In our own day, some variation of this same “loving God means never having to worry about the sexual details” trope likewise prevails. Its crudest form was the situation ethics, in vogue especially in the 1960s from such thinkers as Joseph Fletcher (Situation Ethics: The New Morality and Hello Lovers! An Invitation to Situational Ethics) and, I would argue, John Giles Milhaven (Towards a New Catholic Morality). As long as one “loves,” there are no moral absolutes—which is why Fletcher was ready to tolerate eugenics and Milhaven’s “new Catholic morality” jettisoned any absolute moral principles.

In our own day, a certain mushy situationalism endures. It doesn’t admit that there are no moral absolutes, because that would clearly run up against Catholic moral teaching (especially as reaffirmed in Veritatis splendor and Evangelium vitae). Today’s situationalism pays lip service to the principle while gutting it in practice: the moral absolute is a “theoretical” moral absolute, but there is a difference between “moral principles” and “pastoral practice.” Moral principles are “aspirational,” something we should “strive” for out of charity, but recognizing we might not necessarily reach there.

Well, there’s nothing in the Ten Commandments that says “try not to steal” or “not bearing false witness” is an “aspirational goal,” but we should “accompany” perjurers. Yes, we should accompany them – to the nearest confessional where they can admit they are perjurers and turn from the path of falsehood. And we do not expect thieves to “try” to give up stealing, aware that a little burglary here or the occasional shoplifting there needs “pastoral accommodation.” So, why do we indulge such “flexibility” on the Sixth Commandment? Jesus told the woman caught in adultery “go and sin no more” (John 8:11), not “have a pastoral dialogue about reaching the ideal of monogamous and exclusive marriage.”

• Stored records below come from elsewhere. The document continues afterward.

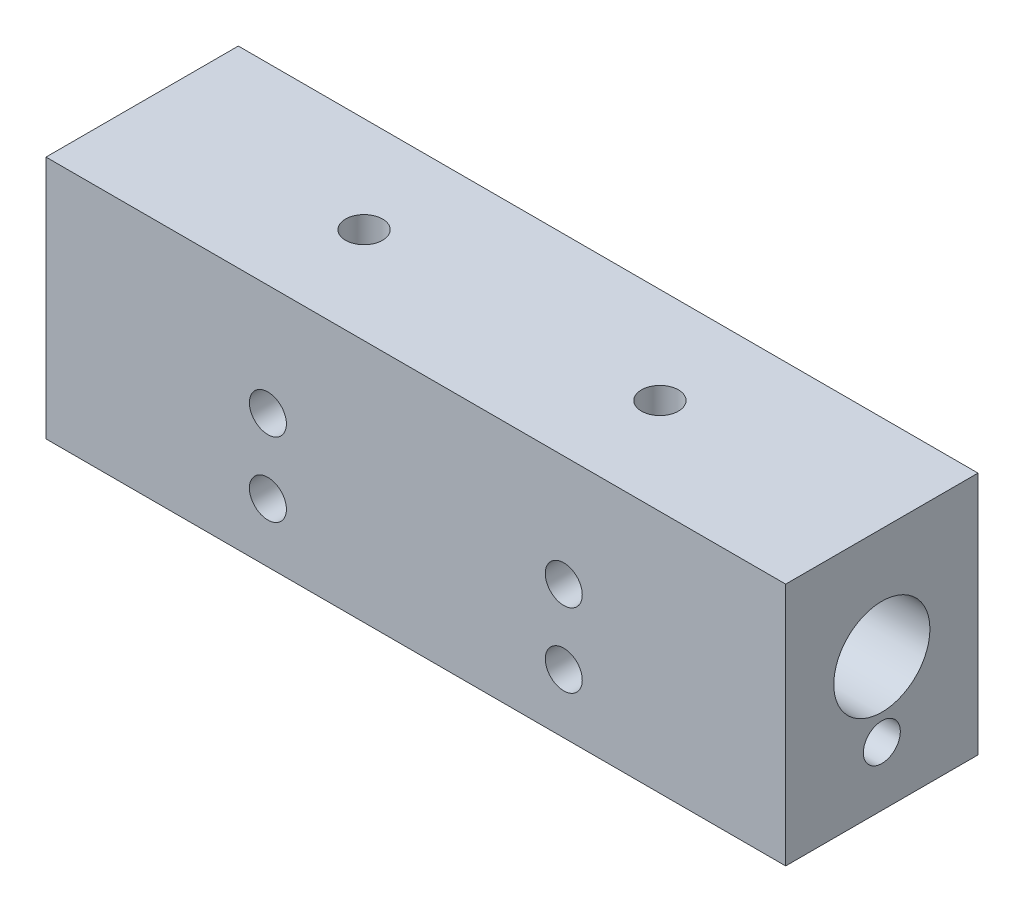
SolidWorks part; units mm, degrees
ref_plane "Front Plane" through (0, 0, 0) normal (0, 0, 1) x (1, 0, 0)
ref_plane "Top Plane" through (0, 0, 0) normal (0, 1, 0) x (1, 0, 0)
ref_plane "Right Plane" through (0, 0, 0) normal (1, 0, 0) x (0, 0, -1)
sketch "Sketch1" plane through (0, 0, 0) normal (0, 0, 1) x (1, 0, 0)
  line L1 (-25, -8.25) -> (25, -8.25)
  line L2 (-25, -8.25) -> (-25, 8.25)
  line L3 (-25, 8.25) -> (25, 8.25)
  line L4 (25, -8.25) -> (25, 8.25)
  line L5 (-25, -8.25) -> (25, 8.25) construction
  line L6 (-25, 8.25) -> (25, -8.25) construction
  point P0 (0, 0)
  dimension "D1" = 50
  dimension "D2" = 16.5
extrude "Boss-Extrude1" add sketch "Sketch1" along normal mid plane 13
hole_wizard "M3x0.5 Tapped Hole1" positions "Sketch3" profile "Sketch2" tap size "M3x0.5" standard "ANSI Metric"
sketch "Sketch3" plane through (0, 8.25, 0) normal (0, 1, 0) x (1, 0, 0)
  line L0 (25, -6.5) -> (25, 6.5) construction
  line L1 (25, 6.5) -> (25, -6.5) construction
  point P0 (10, 0)
  point P9 (25, 0)
  dimension "D1" = 15
sketch "Sketch2" plane through (10, 8.25, 0) normal (1, 0, 0) x (0, 0, 1)
  line L0 (0, 0) -> (0, 7.5)
  line L1 (0, 7.5) -> (1.25, 6.7489)
  line L2 (1.25, 6.7489) -> (1.25, 0)
  line L5 (1.25, 0) -> (0, 0)
  line L10 (0, 7.5) -> (-1.25, 6.7489) construction
  line L11 (0, -6.35) -> (0, 107.95) construction
  dimension "Tap Drill Dia." = 2.5
  dimension "Tap Drill Depth" = 7.5
  dimension "Drill Angle" = 118
cosmetic thread "Hole Thread1" parameters "D1"=6, "D2"=3
pattern_linear "LPattern1" count 2 spacing 20 along (-1, 0, 0) of "M3x0.5 Tapped Hole1"
cosmetic thread "Hole Thread2" parameters "D1"=6, "D2"=3
sketch "Sketch4" plane through (25, 0, 0) normal (1, 0, 0) x (0, 0, -1)
  line L0 (-6.5, 8.25) -> (6.5, 8.25) construction
  circle A0 centre (0, 0.75) radius 3.25
  point P4 (0, 0)
  point P5 (0, 0)
  dimension "D2" = 6.5
  dimension "D1" = 7.5
extrude "Cut-Extrude1" cut sketch "Sketch4" against normal through all
hole_wizard "M3x0.5 Tapped Hole2" positions "Sketch5" profile "Sketch6" tap size "M3x0.5" standard "ANSI Metric" end condition through all
sketch "Sketch5" plane through (25, 0, 0) normal (1, 0, 0) x (0, 0, -1)
  circle A0 centre (0, 0.75) radius 3.25 construction
  point P0 (0, -4.25)
  dimension "D1" = 5
cosmetic thread "Hole Thread3" parameters "D2"=3
sketch "Sketch6" plane through (25, -4.25, 0) normal (0, 1, 0) x (0, 0, -1)
  line L0 (0, 0) -> (0, 50)
  line L1 (0, 50) -> (1.25, 50)
  line L2 (1.25, 50) -> (1.25, 0)
  line L5 (1.25, 0) -> (0, 0)
  line L11 (0, -6.35) -> (0, 107.95) construction
  dimension "Thru Tap Drill Dia." = 2.5
  dimension "Thru Tap Drill Depth" = 50
hole_wizard "M3x0.5 Tapped Hole3" positions "Sketch8" profile "Sketch7" tap size "M3x0.5" standard "ANSI Metric"
sketch "Sketch8" plane through (0, 0, 6.5) normal (0, 0, 1) x (1, 0, 0)
  line L0 (25, 8.25) -> (-25, 8.25) construction
  line L1 (-25, 8.25) -> (-25, -8.25) construction
  point P0 (-10, 0.75)
  dimension "D1" = 7.5
  dimension "D2" = 15
sketch "Sketch7" plane through (-10, 0.75, 6.5) normal (1, 0, 0) x (0, -1, 0)
  line L0 (0, 0) -> (0, 7.5)
  line L1 (0, 7.5) -> (1.25, 6.7489)
  line L2 (1.25, 6.7489) -> (1.25, 0)
  line L5 (1.25, 0) -> (0, 0)
  line L10 (0, 7.5) -> (-1.25, 6.7489) construction
  line L11 (0, -6.35) -> (0, 107.95) construction
  dimension "Tap Drill Dia." = 2.5
  dimension "Tap Drill Depth" = 7.5
  dimension "Drill Angle" = 118
cosmetic thread "Hole Thread4" parameters "D1"=6, "D2"=3
pattern_linear "LPattern2" count 2 spacing 20 along (1, 0, 0) count 2 spacing 5 along (0, -1, 0) of "M3x0.5 Tapped Hole3"
cosmetic thread "Hole Thread5" parameters "D1"=6, "D2"=3
cosmetic thread "Hole Thread6" parameters "D1"=6, "D2"=3
cosmetic thread "Hole Thread7" parameters "D1"=6, "D2"=3
sketch "Sketch9" plane through (0, -8.25, 0) normal (0, -1, 0) x (1, 0, 0)
  line L0 (-25, 6.5) -> (25, 6.5) construction
  line L1 (-8.5, 4.5) -> (8.5, 4.5)
  line L2 (-8.5, 4.5) -> (-8.5, 3.5)
  line L3 (-8.5, 3.5) -> (8.5, 3.5)
  line L4 (8.5, 4.5) -> (8.5, 3.5)
  line L5 (-25, 6.5) -> (-25, -6.5) construction
  dimension "D1" = 17
  dimension "D2" = 1
  dimension "D3" = 2
  dimension "D4" = 16.5
extrude "Boss-Extrude2" add sketch "Sketch9" along normal blind 2

And on this point, one of my favorite reflections is a scene from the classic film, Dr. Zhivago. When Laura confesses having fornicated with Komarovsky, the Orthodox priest asks her, “And what did Our Lord tell the woman caught in adultery?” “‘Go and sin no more,’” Laura replies. “And did she?” asks the priest. “I don’t know, Father!” is her surprised answer. “Of course you don’t. No one does! The flesh is not weak, it is strong! Remember that!”

We might learn a little wisdom from that movie priest. Undoubtedly, had she sinned again and sought the Lord’s pardon, He who forgave “seventy times seven times” would have. But the subsequent sin is still a sin (even if her personal culpability might perhaps be diminished). Because she “loved” Jesus for what He did for her did not exempt her from following His Commandments, or make it any less important to seek pardon again if she fell. Indeed, her love of the Lord should have strengthened her resolve “to sin no more, to do penance, and to avoid whatever leads me into sin.”

So, in reflecting on today’s Gospel, know that loving God with all one’s heart, mind, soul, and being does not excuse from the rest of the Commandments. Truly loving God means recognizing how that love is expressed in those Commandments, because those Commandments are not roadblocks but roadmaps that chart the path to Love Himself.